# Weekend Steelheading....



## ThunderHawk7 (May 3, 2004)

Spent some serious time exploring new places and fishing this weekend. Did not catch any Steel but this did bite on the last cast before the long drive home....there was some excitement at first, but it soon became apparent it was not what I thought it was.....Ahhhh well, saw some new places and did get some exercise....


----------



## Goosehtr (Jan 28, 2009)

AHHHH Fresh water bone fish!!
Good Luck
Andy


----------



## fredg53 (Sep 17, 2010)

Ah it is bout time they come in. 

Outdoor Hub mobile, the outdoor information engine


----------



## FISHIN216 (Mar 18, 2009)

Lots of suckers in the lower section of the rocky.....just great

Outdoor Hub mobile, the outdoor information engine


----------



## JFeeds (Apr 14, 2008)

One of the first times I was at Rocky River, I caught nothing but suckers. A few different species too.
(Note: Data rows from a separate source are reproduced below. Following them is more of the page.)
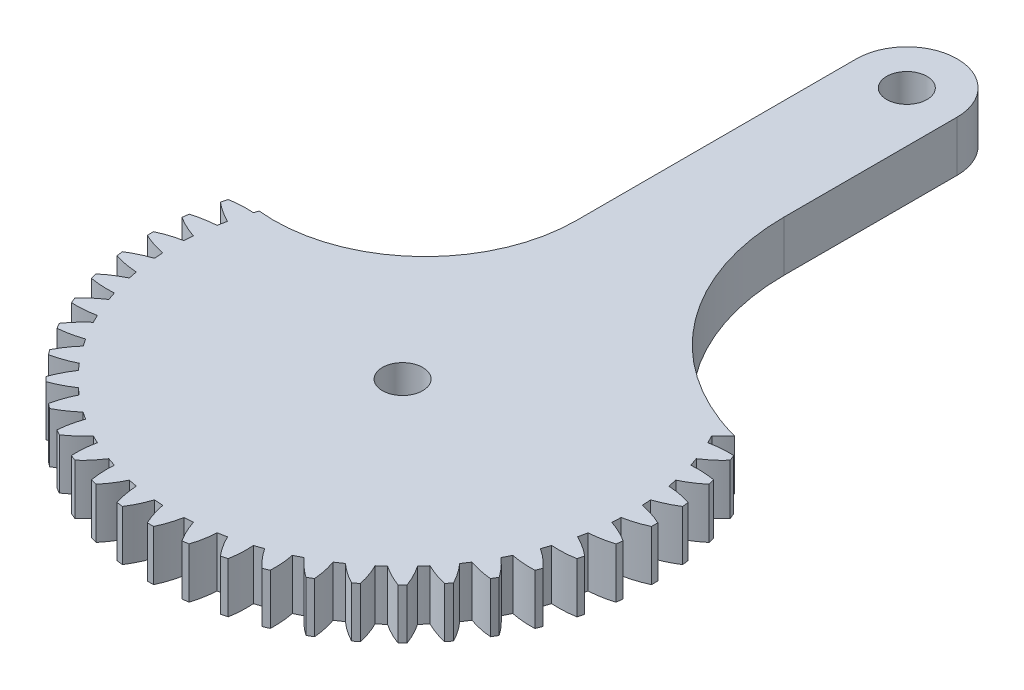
ISO-10303-21;
HEADER;
FILE_DESCRIPTION(('STEP AP214'),'2;1');
FILE_NAME('part.step','',(''),(''),'','','');
FILE_SCHEMA(('AUTOMOTIVE_DESIGN { 1 0 10303 214 1 1 1 1 }'));
ENDSEC;
DATA;
#1=APPLICATION_CONTEXT('core data for automotive mechanical design processes');
#2=APPLICATION_PROTOCOL_DEFINITION('international standard','automotive_design',2000,#1);
#3=PRODUCT_CONTEXT('',#1,'mechanical');
#4=PRODUCT('Part','Part','',(#3));
#5=PRODUCT_RELATED_PRODUCT_CATEGORY('part','',(#4));
#6=PRODUCT_DEFINITION_FORMATION('','',#4);
#7=PRODUCT_DEFINITION_CONTEXT('part definition',#1,'design');
#8=PRODUCT_DEFINITION('design','',#6,#7);
#9=PRODUCT_DEFINITION_SHAPE('','',#8);
#10=(LENGTH_UNIT() NAMED_UNIT(*) SI_UNIT(.MILLI.,.METRE.));
#11=(NAMED_UNIT(*) PLANE_ANGLE_UNIT() SI_UNIT($,.RADIAN.));
#12=(NAMED_UNIT(*) SI_UNIT($,.STERADIAN.) SOLID_ANGLE_UNIT());
#13=UNCERTAINTY_MEASURE_WITH_UNIT(LENGTH_MEASURE(1.E-05),#10,'distance_accuracy_value','');
#14=(GEOMETRIC_REPRESENTATION_CONTEXT(3) GLOBAL_UNCERTAINTY_ASSIGNED_CONTEXT((#13)) GLOBAL_UNIT_ASSIGNED_CONTEXT((#10,
#11,#12)) REPRESENTATION_CONTEXT('',''));
#15=CARTESIAN_POINT('',(0.,0.,0.));
#16=DIRECTION('',(0.,0.,1.));
#17=DIRECTION('',(1.,0.,0.));
#18=AXIS2_PLACEMENT_3D('',#15,#16,#17);
#19=CARTESIAN_POINT('',(0.,0.,25.));
#20=DIRECTION('',(0.,-1.,0.));
#21=DIRECTION('',(0.,0.,-1.));
#22=AXIS2_PLACEMENT_3D('',#19,#20,#21);
#23=PLANE('',#22);
#24=CARTESIAN_POINT('',(0.,0.,-25.));
#25=DIRECTION('',(0.,1.,0.));
#26=DIRECTION('',(0.,0.,1.));
#27=AXIS2_PLACEMENT_3D('',#24,#25,#26);
#28=CIRCLE('',#27,2.);
#29=CARTESIAN_POINT('',(0.,0.,-23.));
#30=VERTEX_POINT('',#29);
#31=EDGE_CURVE('E1617',#30,#30,#28,.T.);
#32=ORIENTED_EDGE('',*,*,#31,.T.);
#33=EDGE_LOOP('',(#32));
#34=FACE_BOUND('',#33,.T.);
#35=CARTESIAN_POINT('',(0.,0.,25.));
#36=DIRECTION('',(0.,1.,0.));
#37=DIRECTION('',(0.,0.,1.));
#38=AXIS2_PLACEMENT_3D('',#35,#36,#37);
#39=CIRCLE('',#38,2.);
#40=CARTESIAN_POINT('',(0.,0.,27.));
#41=VERTEX_POINT('',#40);
#42=EDGE_CURVE('E1619',#41,#41,#39,.T.);
#43=ORIENTED_EDGE('',*,*,#42,.T.);
#44=EDGE_LOOP('',(#43));
#45=FACE_BOUND('',#44,.T.);
#46=CARTESIAN_POINT('',(22.3913168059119,0.,22.3213328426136));
#47=DIRECTION('',(0.,-1.,0.));
#48=DIRECTION('',(0.,0.,-1.));
#49=AXIS2_PLACEMENT_3D('',#46,#47,#48);
#50=CIRCLE('',#49,9.59999999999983);
#51=CARTESIAN_POINT('',(21.6789714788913,0.,31.8948674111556));
#52=VERTEX_POINT('',#51);
#53=CARTESIAN_POINT('',(24.0646609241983,0.,31.7743704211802));
#54=VERTEX_POINT('',#53);
#55=EDGE_CURVE('E11',#52,#54,#50,.F.);
#56=ORIENTED_EDGE('',*,*,#55,.F.);
#57=CARTESIAN_POINT('',(0.,0.,25.));
#58=DIRECTION('',(0.,-1.,0.));
#59=DIRECTION('',(0.,0.,-1.));
#60=AXIS2_PLACEMENT_3D('',#57,#58,#59);
#61=CIRCLE('',#60,22.749);
#62=CARTESIAN_POINT('',(21.3964137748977,0.,32.7272555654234));
#63=VERTEX_POINT('',#62);
#64=EDGE_CURVE('E53',#63,#52,#61,.F.);
#65=ORIENTED_EDGE('',*,*,#64,.F.);
#66=CARTESIAN_POINT('',(16.1335567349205,0.,40.7560995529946));
#67=DIRECTION('',(0.,-1.,0.));
#68=DIRECTION('',(0.,0.,-1.));
#69=AXIS2_PLACEMENT_3D('',#66,#67,#68);
#70=CIRCLE('',#69,9.59999999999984);
#71=CARTESIAN_POINT('',(23.2157545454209,0.,34.2751679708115));
#72=VERTEX_POINT('',#71);
#73=EDGE_CURVE('E1954',#72,#63,#70,.F.);
#74=ORIENTED_EDGE('',*,*,#73,.F.);
#75=CARTESIAN_POINT('',(0.,0.,25.));
#76=DIRECTION('',(0.,1.,0.));
#77=DIRECTION('',(0.,0.,1.));
#78=AXIS2_PLACEMENT_3D('',#75,#76,#77);
#79=CIRCLE('',#78,25.);
#80=CARTESIAN_POINT('',(22.9745516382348,0.,34.8574833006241));
#81=VERTEX_POINT('',#80);
#82=EDGE_CURVE('E1978',#81,#72,#79,.T.);
#83=ORIENTED_EDGE('',*,*,#82,.F.);
#84=CARTESIAN_POINT('',(22.549392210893,0.,25.266902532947));
#85=DIRECTION('',(0.,-1.,0.));
#86=DIRECTION('',(0.,0.,-1.));
#87=AXIS2_PLACEMENT_3D('',#84,#85,#86);
#88=CIRCLE('',#87,9.59999999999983);
#89=CARTESIAN_POINT('',(20.593544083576,0.,34.6655544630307));
#90=VERTEX_POINT('',#89);
#91=EDGE_CURVE('E1955',#90,#81,#88,.F.);
#92=ORIENTED_EDGE('',*,*,#91,.F.);
#93=CARTESIAN_POINT('',(0.,0.,25.));
#94=DIRECTION('',(0.,-1.,0.));
#95=DIRECTION('',(0.,0.,-1.));
#96=AXIS2_PLACEMENT_3D('',#93,#94,#95);
#97=CIRCLE('',#96,22.749);
#98=CARTESIAN_POINT('',(20.2047552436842,0.,35.4539402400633));
#99=VERTEX_POINT('',#98);
#100=EDGE_CURVE('E1948',#99,#90,#97,.F.);
#101=ORIENTED_EDGE('',*,*,#100,.F.);
#102=CARTESIAN_POINT('',(13.9389482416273,0.,42.727155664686));
#103=DIRECTION('',(0.,-1.,0.));
#104=DIRECTION('',(0.,0.,-1.));
#105=AXIS2_PLACEMENT_3D('',#102,#103,#104);
#106=CIRCLE('',#105,9.59999999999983);
#107=CARTESIAN_POINT('',(21.8064881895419,0.,37.2260816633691));
#108=VERTEX_POINT('',#107);
#109=EDGE_CURVE('E1949',#108,#99,#106,.F.);
#110=ORIENTED_EDGE('',*,*,#109,.F.);
#111=CARTESIAN_POINT('',(21.4913414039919,0.,37.7719319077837));
#112=VERTEX_POINT('',#111);
#113=EDGE_CURVE('E1981',#112,#108,#79,.T.);
#114=ORIENTED_EDGE('',*,*,#113,.F.);
#115=CARTESIAN_POINT('',(22.321641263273,0.,28.2079054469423));
#116=DIRECTION('',(0.,-1.,0.));
#117=DIRECTION('',(0.,0.,-1.));
#118=AXIS2_PLACEMENT_3D('',#115,#116,#117);
#119=CIRCLE('',#118,9.59999999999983);
#120=CARTESIAN_POINT('',(19.1557554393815,0.,37.2708611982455));
#121=VERTEX_POINT('',#120);
#122=EDGE_CURVE('E1931',#121,#112,#119,.F.);
#123=ORIENTED_EDGE('',*,*,#122,.F.);
#124=CARTESIAN_POINT('',(0.,0.,25.));
#125=DIRECTION('',(0.,-1.,0.));
#126=DIRECTION('',(0.,0.,-1.));
#127=AXIS2_PLACEMENT_3D('',#124,#125,#126);
#128=CIRCLE('',#127,22.749);
#129=CARTESIAN_POINT('',(18.6673877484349,0.,38.0017550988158));
#130=VERTEX_POINT('',#129);
#131=EDGE_CURVE('E1932',#130,#121,#128,.F.);
#132=ORIENTED_EDGE('',*,*,#131,.F.);
#133=CARTESIAN_POINT('',(11.5058404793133,0.,44.3948952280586));
#134=DIRECTION('',(0.,-1.,0.));
#135=DIRECTION('',(0.,0.,-1.));
#136=AXIS2_PLACEMENT_3D('',#133,#134,#135);
#137=CIRCLE('',#136,9.59999999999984);
#138=CARTESIAN_POINT('',(20.024106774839,0.,39.9678037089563));
#139=VERTEX_POINT('',#138);
#140=EDGE_CURVE('E1927',#139,#130,#137,.F.);
#141=ORIENTED_EDGE('',*,*,#140,.F.);
#142=CARTESIAN_POINT('',(19.6404083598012,0.,40.4678492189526));
#143=VERTEX_POINT('',#142);
#144=EDGE_CURVE('E2274',#143,#139,#79,.T.);
#145=ORIENTED_EDGE('',*,*,#144,.F.);
#146=CARTESIAN_POINT('',(21.7119608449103,0.,31.094020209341));
#147=DIRECTION('',(0.,-1.,0.));
#148=DIRECTION('',(0.,0.,-1.));
#149=AXIS2_PLACEMENT_3D('',#146,#147,#148);
#150=CIRCLE('',#149,9.59999999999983);
#151=CARTESIAN_POINT('',(17.3902065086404,0.,39.6662100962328));
#152=VERTEX_POINT('',#151);
#153=EDGE_CURVE('E1944',#152,#143,#150,.F.);
#154=ORIENTED_EDGE('',*,*,#153,.F.);
#155=CARTESIAN_POINT('',(0.,0.,25.));
#156=DIRECTION('',(0.,-1.,0.));
#157=DIRECTION('',(0.,0.,-1.));
#158=AXIS2_PLACEMENT_3D('',#155,#156,#157);
#159=CIRCLE('',#158,22.749);
#160=CARTESIAN_POINT('',(16.8106160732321,0.,40.3271063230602));
#161=VERTEX_POINT('',#160);
#162=EDGE_CURVE('E1938',#161,#152,#159,.F.);
#163=ORIENTED_EDGE('',*,*,#162,.F.);
#164=CARTESIAN_POINT('',(8.87586459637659,0.,45.7307827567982));
#165=DIRECTION('',(0.,-1.,0.));
#166=DIRECTION('',(0.,0.,-1.));
#167=AXIS2_PLACEMENT_3D('',#164,#165,#166);
#168=CIRCLE('',#167,9.59999999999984);
#169=CARTESIAN_POINT('',(17.8991073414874,0.,42.4534224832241));
#170=VERTEX_POINT('',#169);
#171=EDGE_CURVE('E1940',#170,#161,#168,.F.);
#172=ORIENTED_EDGE('',*,*,#171,.F.);
#173=CARTESIAN_POINT('',(17.4534224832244,0.,42.8991073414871));
#174=VERTEX_POINT('',#173);
#175=EDGE_CURVE('E2267',#174,#170,#79,.T.);
#176=ORIENTED_EDGE('',*,*,#175,.F.);
#177=CARTESIAN_POINT('',(20.7307827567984,0.,33.8758645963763));
#178=DIRECTION('',(0.,-1.,0.));
#179=DIRECTION('',(0.,0.,-1.));
#180=AXIS2_PLACEMENT_3D('',#177,#178,#179);
#181=CIRCLE('',#180,9.59999999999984);
#182=CARTESIAN_POINT('',(15.3271063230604,0.,41.8106160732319));
#183=VERTEX_POINT('',#182);
#184=EDGE_CURVE('E1916',#183,#174,#181,.F.);
#185=ORIENTED_EDGE('',*,*,#184,.F.);
#186=CARTESIAN_POINT('',(0.,0.,25.));
#187=DIRECTION('',(0.,-1.,0.));
#188=DIRECTION('',(0.,0.,-1.));
#189=AXIS2_PLACEMENT_3D('',#186,#187,#188);
#190=CIRCLE('',#189,22.749);
#191=CARTESIAN_POINT('',(14.666210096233,0.,42.3902065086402));
#192=VERTEX_POINT('',#191);
#193=EDGE_CURVE('E1911',#192,#183,#190,.F.);
#194=ORIENTED_EDGE('',*,*,#193,.F.);
#195=CARTESIAN_POINT('',(6.09402020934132,0.,46.7119608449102));
#196=DIRECTION('',(0.,-1.,0.));
#197=DIRECTION('',(0.,0.,-1.));
#198=AXIS2_PLACEMENT_3D('',#195,#196,#197);
#199=CIRCLE('',#198,9.59999999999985);
#200=CARTESIAN_POINT('',(15.4678492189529,0.,44.640408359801));
#201=VERTEX_POINT('',#200);
#202=EDGE_CURVE('E1909',#201,#192,#199,.F.);
#203=ORIENTED_EDGE('',*,*,#202,.F.);
#204=CARTESIAN_POINT('',(14.9678037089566,0.,45.0241067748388));
#205=VERTEX_POINT('',#204);
#206=EDGE_CURVE('E2264',#205,#201,#79,.T.);
#207=ORIENTED_EDGE('',*,*,#206,.F.);
#208=CARTESIAN_POINT('',(19.3948952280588,0.,36.505840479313));
#209=DIRECTION('',(0.,-1.,0.));
#210=DIRECTION('',(0.,0.,-1.));
#211=AXIS2_PLACEMENT_3D('',#208,#209,#210);
#212=CIRCLE('',#211,9.59999999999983);
#213=CARTESIAN_POINT('',(13.0017550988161,0.,43.6673877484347));
#214=VERTEX_POINT('',#213);
#215=EDGE_CURVE('E1924',#214,#205,#212,.F.);
#216=ORIENTED_EDGE('',*,*,#215,.F.);
#217=CARTESIAN_POINT('',(0.,0.,25.));
#218=DIRECTION('',(0.,-1.,0.));
#219=DIRECTION('',(0.,0.,-1.));
#220=AXIS2_PLACEMENT_3D('',#217,#218,#219);
#221=CIRCLE('',#220,22.749);
#222=CARTESIAN_POINT('',(12.2708611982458,0.,44.1557554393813));
#223=VERTEX_POINT('',#222);
#224=EDGE_CURVE('E1925',#223,#214,#221,.F.);
#225=ORIENTED_EDGE('',*,*,#224,.F.);
#226=CARTESIAN_POINT('',(3.20790544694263,0.,47.321641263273));
#227=DIRECTION('',(0.,-1.,0.));
#228=DIRECTION('',(0.,0.,-1.));
#229=AXIS2_PLACEMENT_3D('',#226,#227,#228);
#230=CIRCLE('',#229,9.59999999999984);
#231=CARTESIAN_POINT('',(12.771931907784,0.,46.4913414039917));
#232=VERTEX_POINT('',#231);
#233=EDGE_CURVE('E1917',#232,#223,#230,.F.);
#234=ORIENTED_EDGE('',*,*,#233,.F.);
#235=CARTESIAN_POINT('',(12.2260816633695,0.,46.8064881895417));
#236=VERTEX_POINT('',#235);
#237=EDGE_CURVE('E2259',#236,#232,#79,.T.);
#238=ORIENTED_EDGE('',*,*,#237,.F.);
#239=CARTESIAN_POINT('',(17.7271556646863,0.,38.938948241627));
#240=DIRECTION('',(0.,-1.,0.));
#241=DIRECTION('',(0.,0.,-1.));
#242=AXIS2_PLACEMENT_3D('',#239,#240,#241);
#243=CIRCLE('',#242,9.59999999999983);
#244=CARTESIAN_POINT('',(10.4539402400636,0.,45.2047552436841));
#245=VERTEX_POINT('',#244);
#246=EDGE_CURVE('E1907',#245,#236,#243,.F.);
#247=ORIENTED_EDGE('',*,*,#246,.F.);
#248=CARTESIAN_POINT('',(0.,0.,25.));
#249=DIRECTION('',(0.,-1.,0.));
#250=DIRECTION('',(0.,0.,-1.));
#251=AXIS2_PLACEMENT_3D('',#248,#249,#250);
#252=CIRCLE('',#251,22.749);
#253=CARTESIAN_POINT('',(9.66555446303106,0.,45.5935440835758));
#254=VERTEX_POINT('',#253);
#255=EDGE_CURVE('E1902',#254,#245,#252,.F.);
#256=ORIENTED_EDGE('',*,*,#255,.F.);
#257=CARTESIAN_POINT('',(0.266902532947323,0.,47.549392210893));
#258=DIRECTION('',(0.,-1.,0.));
#259=DIRECTION('',(0.,0.,-1.));
#260=AXIS2_PLACEMENT_3D('',#257,#258,#259);
#261=CIRCLE('',#260,9.59999999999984);
#262=CARTESIAN_POINT('',(9.85748330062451,0.,47.9745516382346));
#263=VERTEX_POINT('',#262);
#264=EDGE_CURVE('E1901',#263,#254,#261,.F.);
#265=ORIENTED_EDGE('',*,*,#264,.F.);
#266=CARTESIAN_POINT('',(9.27516797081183,0.,48.2157545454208));
#267=VERTEX_POINT('',#266);
#268=EDGE_CURVE('E2254',#267,#263,#79,.T.);
#269=ORIENTED_EDGE('',*,*,#268,.F.);
#270=CARTESIAN_POINT('',(15.7560995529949,0.,41.1335567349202));
#271=DIRECTION('',(0.,-1.,0.));
#272=DIRECTION('',(0.,0.,-1.));
#273=AXIS2_PLACEMENT_3D('',#270,#271,#272);
#274=CIRCLE('',#273,9.59999999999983);
#275=CARTESIAN_POINT('',(7.72725556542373,0.,46.3964137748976));
#276=VERTEX_POINT('',#275);
#277=EDGE_CURVE('E1900',#276,#267,#274,.F.);
#278=ORIENTED_EDGE('',*,*,#277,.F.);
#279=CARTESIAN_POINT('',(0.,0.,25.));
#280=DIRECTION('',(0.,-1.,0.));
#281=DIRECTION('',(0.,0.,-1.));
#282=AXIS2_PLACEMENT_3D('',#279,#280,#281);
#283=CIRCLE('',#282,22.749);
#284=CARTESIAN_POINT('',(6.89486741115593,0.,46.6789714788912));
#285=VERTEX_POINT('',#284);
#286=EDGE_CURVE('E1895',#285,#276,#283,.F.);
#287=ORIENTED_EDGE('',*,*,#286,.F.);
#288=CARTESIAN_POINT('',(-2.67866715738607,0.,47.391316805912));
#289=DIRECTION('',(0.,-1.,0.));
#290=DIRECTION('',(0.,0.,-1.));
#291=AXIS2_PLACEMENT_3D('',#288,#289,#290);
#292=CIRCLE('',#291,9.59999999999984);
#293=CARTESIAN_POINT('',(6.77437042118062,0.,49.0646609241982));
#294=VERTEX_POINT('',#293);
#295=EDGE_CURVE('E1892',#294,#285,#292,.F.);
#296=ORIENTED_EDGE('',*,*,#295,.F.);
#297=CARTESIAN_POINT('',(6.16555358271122,0.,49.2277929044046));
#298=VERTEX_POINT('',#297);
#299=EDGE_CURVE('E2251',#298,#294,#79,.T.);
#300=ORIENTED_EDGE('',*,*,#299,.F.);
#301=CARTESIAN_POINT('',(13.5154522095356,0.,43.052115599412));
#302=DIRECTION('',(0.,-1.,0.));
#303=DIRECTION('',(0.,0.,-1.));
#304=AXIS2_PLACEMENT_3D('',#301,#302,#303);
#305=CIRCLE('',#304,9.59999999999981);
#306=CARTESIAN_POINT('',(4.86835540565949,0.,47.221973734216));
#307=VERTEX_POINT('',#306);
#308=EDGE_CURVE('E1706',#307,#298,#305,.F.);
#309=ORIENTED_EDGE('',*,*,#308,.F.);
#310=CARTESIAN_POINT('',(0.,0.,25.));
#311=DIRECTION('',(0.,-1.,0.));
#312=DIRECTION('',(0.,0.,-1.));
#313=AXIS2_PLACEMENT_3D('',#310,#311,#312);
#314=CIRCLE('',#313,22.749);
#315=CARTESIAN_POINT('',(4.00620726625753,0.,47.3934656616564));
#316=VERTEX_POINT('',#315);
#317=EDGE_CURVE('E847',#316,#307,#314,.F.);
#318=ORIENTED_EDGE('',*,*,#317,.F.);
#319=CARTESIAN_POINT('',(-5.57840410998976,0.,46.8501197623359));
#320=DIRECTION('',(0.,-1.,0.));
#321=DIRECTION('',(0.,0.,-1.));
#322=AXIS2_PLACEMENT_3D('',#319,#320,#321);
#323=CIRCLE('',#322,9.59999999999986);
#324=CARTESIAN_POINT('',(3.57534618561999,0.,49.7430171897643));
#325=VERTEX_POINT('',#324);
#326=EDGE_CURVE('E1703',#325,#316,#323,.F.);
#327=ORIENTED_EDGE('',*,*,#326,.F.);
#328=CARTESIAN_POINT('',(2.95044486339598,0.,49.8252870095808));
#329=VERTEX_POINT('',#328);
#330=EDGE_CURVE('E2246',#329,#325,#79,.T.);
#331=ORIENTED_EDGE('',*,*,#330,.F.);
#332=CARTESIAN_POINT('',(11.04355173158,0.,44.6617977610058));
#333=DIRECTION('',(0.,-1.,0.));
#334=DIRECTION('',(0.,0.,-1.));
#335=AXIS2_PLACEMENT_3D('',#332,#333,#334);
#336=CIRCLE('',#335,9.59999999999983);
#337=CARTESIAN_POINT('',(1.92615633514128,0.,47.6673095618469));
#338=VERTEX_POINT('',#337);
#339=EDGE_CURVE('E1701',#338,#329,#336,.F.);
#340=ORIENTED_EDGE('',*,*,#339,.F.);
#341=CARTESIAN_POINT('',(0.,0.,25.));
#342=DIRECTION('',(0.,-1.,0.));
#343=DIRECTION('',(0.,0.,-1.));
#344=AXIS2_PLACEMENT_3D('',#341,#342,#343);
#345=CIRCLE('',#344,22.749);
#346=CARTESIAN_POINT('',(1.04899980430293,0.,47.724801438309));
#347=VERTEX_POINT('',#346);
#348=EDGE_CURVE('E1698',#347,#338,#345,.F.);
#349=ORIENTED_EDGE('',*,*,#348,.F.);
#350=CARTESIAN_POINT('',(-8.3826930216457,0.,45.9350611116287));
#351=DIRECTION('',(0.,-1.,0.));
#352=DIRECTION('',(0.,0.,-1.));
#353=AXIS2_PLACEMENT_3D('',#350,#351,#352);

Lol, even though they're about as useful to me as carp in a lake are, they still gave me one helluva fight and gave me a little idea of what to expect with steelies.

And if all else fails, if the chrome aren't on that day, it's always nice to catch _something_!


----------



## BobcatJB (Mar 30, 2005)

Don't knock the lowly Redhorse, they are indicators of good water quality and are insectivores just like trout!

Outdoor Hub mobile, the outdoor information engine


----------



## thephildo0916 (Mar 4, 2009)

Looks like an Ohio brown trout to me...


----------